Even the famous Aldo Fabrizi spoke out on the subject, stating that “Rice is a blessing from God: it’s good for you, it’s physical exercise“.

19 types of smiles, some not pleasant

However, there are also laughter that is less than pleasant and even harmful to health. In a film made for the BBC by the science journalist Zaria Gorvett emerge well 19 types of smiles, of which, however, scholars identified only 6 that undoubtedly indicate a state of happiness: the other 13 types include smiles that emphasize pain, embarrassment or even discomfort.

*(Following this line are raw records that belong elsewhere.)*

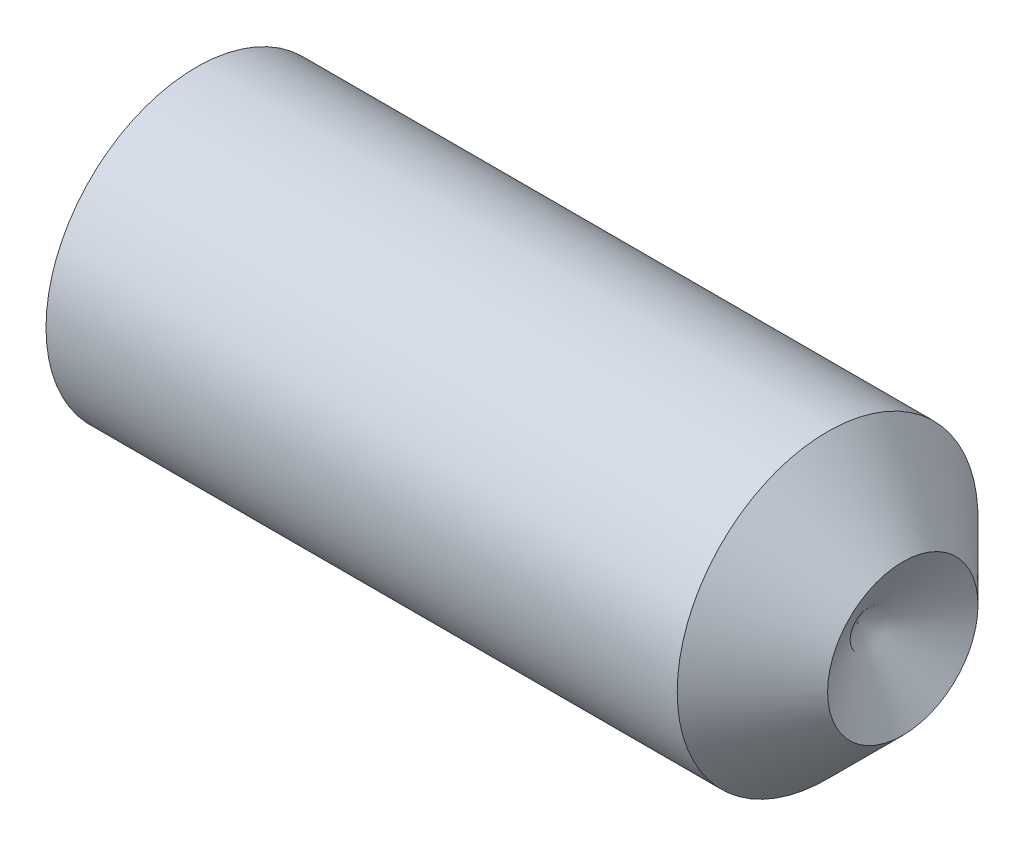
SolidWorks part; units mm, degrees
revolve "BaseBody" add sketch "BodySke" angle 360 about L5
sketch "BodySke" plane through (0, 0, 0) normal (0, 0, 1) x (1, 0, 0)
  line L0 (0, 0) -> (0, 2.055)
  line L1 (0, 2.055) -> (0.2569, 2.5)
  line L2 (0.2569, 2.5) -> (10.75, 2.5)
  line L3 (10.75, 2.5) -> (12, 1.25)
  line L4 (11.2489, 0) -> (0, 0)
  line L5 (-12.7, 0) -> (88.9, 0) construction
  line L6 (11.2489, 0) -> (12, 1.25)
  line L7 (12, 1.25) -> (12, 10.775) construction
  line L8 (0, -2.055) -> (0.2569, -2.5) construction
  line L9 (11.2489, 0) -> (12, -1.25) construction
  line L10 (10.75, -2.5) -> (12, -1.25) construction
  line L11 (0.8, 15.875) -> (0.8, -3.175) construction
  dimension "Diameter" = 5
  dimension "Drive_ch_ang" = 60
  dimension "Minor_dia" = 4.11
  dimension "Cup_nose_ang" = 45
  dimension "Cup_ang" = 118
  dimension "Cup_dia" = 2.5
  dimension "Advance" = 0.8
cosmetic thread "ThreadCosmetic" [suppressed] parameters "Thread_minor"=4.11
ref_plane "Plane1" through (0, 0, 0) normal (0, 0, 1) x (1, 0, 0)
ref_plane "Plane2" through (0, 0, 0) normal (0, 1, 0) x (1, 0, 0)
ref_plane "Plane3" through (0, 0, 0) normal (1, 0, 0) x (0, 0, -1)
other "Configuration Table"
sketch "Sketch2" plane through (0, 0, 0) normal (-1, 0, 0) x (0, 0, 1)
  line L0 (0.7217, 1.25) -> (-0.7217, 1.25)
  line L1 (-0.7217, 1.25) -> (-1.4434, 0)
  line L2 (0.7217, 1.25) -> (1.4434, 0)
  line L3 (0.7217, -1.25) -> (1.4434, 0)
  line L4 (0.7217, -1.25) -> (-0.7217, -1.25)
  line L5 (-0.7217, -1.25) -> (-1.4434, 0)
  dimension "Hex_size" = 2.5
  dimension "D2" = 1.25
  dimension "D3" = 1.25
extrude "Hex" cut sketch "Sketch2" against normal blind 2.7
sketch "Sketch4" plane through (0, 4.7709, -0.5249) normal (-1, 0, 0) x (0, 0, 1)
  line L0 (0.5249, -4.7709) -> (1.9854, -4.7709)
  line L1 (0.5249, -4.7709) -> (6.6732, -1.2211) construction
  line L2 (0.5249, -4.7709) -> (1.2551, -3.506)
  line L3 (1.7257, -4.4442) -> (1.9182, -4.333)
  line L4 (1.4082, -3.8943) -> (1.6007, -3.7831)
  arc A0 (1.7257, -4.4442) -> (1.4082, -3.8943) centre (0.5249, -4.7709) ccw
  arc A1 (1.9854, -4.7709) -> (1.9182, -4.333) centre (0.5249, -4.7709) ccw
  arc A2 (1.2551, -3.506) -> (1.6007, -3.7831) centre (0.5249, -4.7709) cw
  circle A3 centre (0.5249, -4.7709) radius 1.2445 construction
  circle A4 centre (0.5249, -4.7709) radius 1.4605 construction
  dimension "Spline_n_dim" = 2.489
  dimension "Spline_m_dim" = 2.921
  dimension "D1" = 30
  dimension "Spline_a_dim" = 60
  dimension "Spline_p_dim" = 0.635
  dimension "D3" = 0.3175
extrude "Spline6" [suppressed] cut sketch "Sketch4" against normal blind 2.3
pattern_circular "CirPattern1" [suppressed] count 6 every 60 about axis through (-12.7, 0, 0) along (1, 0, 0)
sketch "Sketch5" plane through (0, 1.5227, 6.1981) normal (-1, 0, 0) x (0, 0, 1)
  line L0 (-6.1981, -1.5227) -> (-4.7376, -1.5227)
  line L1 (-6.1981, -1.5227) -> (-1.178, 3.4975) construction
  line L2 (-6.1981, -1.5227) -> (-6.1981, -0.0622)
  line L3 (-5.0936, -0.8672) -> (-4.9655, -0.7391)
  line L4 (-5.5426, -0.4182) -> (-5.4146, -0.2901)
  line L5 (-5.5426, -0.4182) -> (-5.0936, -0.8672)
  arc A1 (-4.7376, -1.5227) -> (-4.9655, -0.7391) centre (-6.1981, -1.5227) ccw
  arc A2 (-6.1981, -0.0622) -> (-5.4146, -0.2901) centre (-6.1981, -1.5227) cw
  circle A3 centre (-6.1981, -1.5227) radius 1.2445 construction
  circle A4 centre (-6.1981, -1.5227) radius 1.4605 construction
  dimension "Spline_n_dim" = 2.489
  dimension "Spline_m_dim" = 2.921
  dimension "Spline_p_dim" = 0.635
  dimension "D3" = 0.3175
  dimension "D1" = 45
  dimension "Spline_a_dim" = 90
extrude "Spline4" [suppressed] cut sketch "Sketch5" against normal blind 2.3
pattern_circular "CirPattern2" [suppressed] count 4 every 90 about axis through (-12.7, 0, 0) along (1, 0, 0)
sketch "ThdSchSke" plane through (0, 0, 0) normal (0, 0, 1) x (1, 0, 0)
  line L0 (0.2569, -2.055) -> (-0.0547, -2.5)
  line L1 (0.2569, -2.055) -> (0.5685, -2.5)
  line L2 (0.5685, -2.5) -> (0.5685, -3.125)
  line L3 (-3.175, 0) -> (5.1513, 0) construction
  line L4 (0.2569, 2.5) -> (0.2569, -2.5) construction
  line L5 (0.5685, -3.125) -> (-0.0547, -3.125)
  line L6 (-0.0547, -3.125) -> (-0.0547, -2.5)
  dimension "Thread_minor" = 4.11
  dimension "Diameter" = 5
revolve "ThreadSchematic" [suppressed] cut sketch "ThdSchSke" angle 360 about L3
pattern_linear "ThdSchPat" [suppressed]
equation "\"D2@Sketch2\" = \"Hex_size@Sketch2\" / 2"
equation "\"D3@Sketch2\" = \"Hex_size@Sketch2\" / 2"
equation "\"Thread_minor@ThreadCosmetic\" = \"Minor_dia@BodySke\""
equation "\"D1@Sketch4\" = \"Spline_a_dim@Sketch4\" / 2"
equation "\"D3@Sketch4\" = \"Spline_p_dim@Sketch4\" / 2"
equation "\"D2@CirPattern1\" = \"Spline_a_dim@Sketch4\""
equation "\"Num_teeth@CirPattern1\" = 360 / \"D2@CirPattern1\""
equation "\"Spline_a_dim@Sketch5\" = 90"
equation "\"Spline_p_dim@Sketch5\" = \"Spline_p_dim@Sketch4\""
equation "\"Spline_m_dim@Sketch5\" = \"Spline_m_dim@Sketch4\""
equation "\"Spline_n_dim@Sketch5\" = \"Spline_n_dim@Sketch4\""
equation "\"D1@Sketch5\" = \"Spline_a_dim@Sketch5\" / 2"
equation "\"D3@Sketch5\" = \"Spline_p_dim@Sketch5\" / 2"
equation "\"Key_eng@Spline4\" = \"Key_eng@Spline6\""
equation "\"Thread_minor@ThdSchSke\" = \"Thread_minor@ThreadCosmetic\""
equation "\"Diameter@ThdSchSke\" = \"Diameter@BodySke\""
equation "\"Overcut@ThdSchSke\" = \"Diameter@BodySke\" * 1.25"
equation "\"Num_threads@ThdSchPat\" = int( (\"Length@BodySke\" - ( ( ( \"Diameter@BodySke\" - \"Minor_dia@BodySke\" ) * 0.5 ) / tan( \"Drive_ch_ang@BodySke\" * 0.017453292 ) ) - ( ( ( \"Diameter@BodySke\" - \"Cup_dia@BodySke\" ) * 0.5 ) * tan( \"Cup_nose_ang@BodySke\" * 0.017453292 ) ) ) / \"Advance@BodySke\" + 0.999 )  + 1"
equation "\"Advance@ThdSchPat\" = (\"Length@BodySke\" - ( ( ( \"Diameter@BodySke\" - \"Minor_dia@BodySke\" ) * 0.5 ) / tan( \"Drive_ch_ang@BodySke\" * 0.017453292 ) ) - ( ( ( \"Diameter@BodySke\" - \"Cup_dia@BodySke\" ) * 0.5 ) * tan( \"Cup_nose_ang@BodySke\" * 0.017453292 ) ) ) /  (\"Num_threads@ThdSchPat\" - 1) 'relax it"
equation "' \"Num_threads@ThdSchPat\" = \"Num_threads@ThdSchPat\" - sgn( \"Num_threads@ThdSchPat\" - 1) '---chamfered tips only---"

In fact, a smile could also convey contempt, anger, disbelief, or that we are lying. And that’s not all: Scott Weems, neuroscientist and author of the book “Ah! The Science of When We Laugh and Why” he confirmed in the columns of the Wall Street Journal the benefits of smiling, revealing, however, that smiles provoked by a different form of laughter, such as that born of sarcasm and sardonic jokes, can harm health: As research conducted by the University of Western Ontario, those who possess this type of humor register high levels of depression, anxiety and low self-esteem.

Smiling, however, is also a matter of social relevance

From a study by Professor Robert R. Tryouts, neuro-scientist and professor of psychology at the University of Maryland, posted on Psychology Today, it was found that the benefits of smiling also infect those around, in the workplace as well as at home: is 30 times more likely to start laughing in the company of other people than when alone. Indeed, there is a strong connection between smiles and people’s ability to socialize, which can concretely influence the overall mood.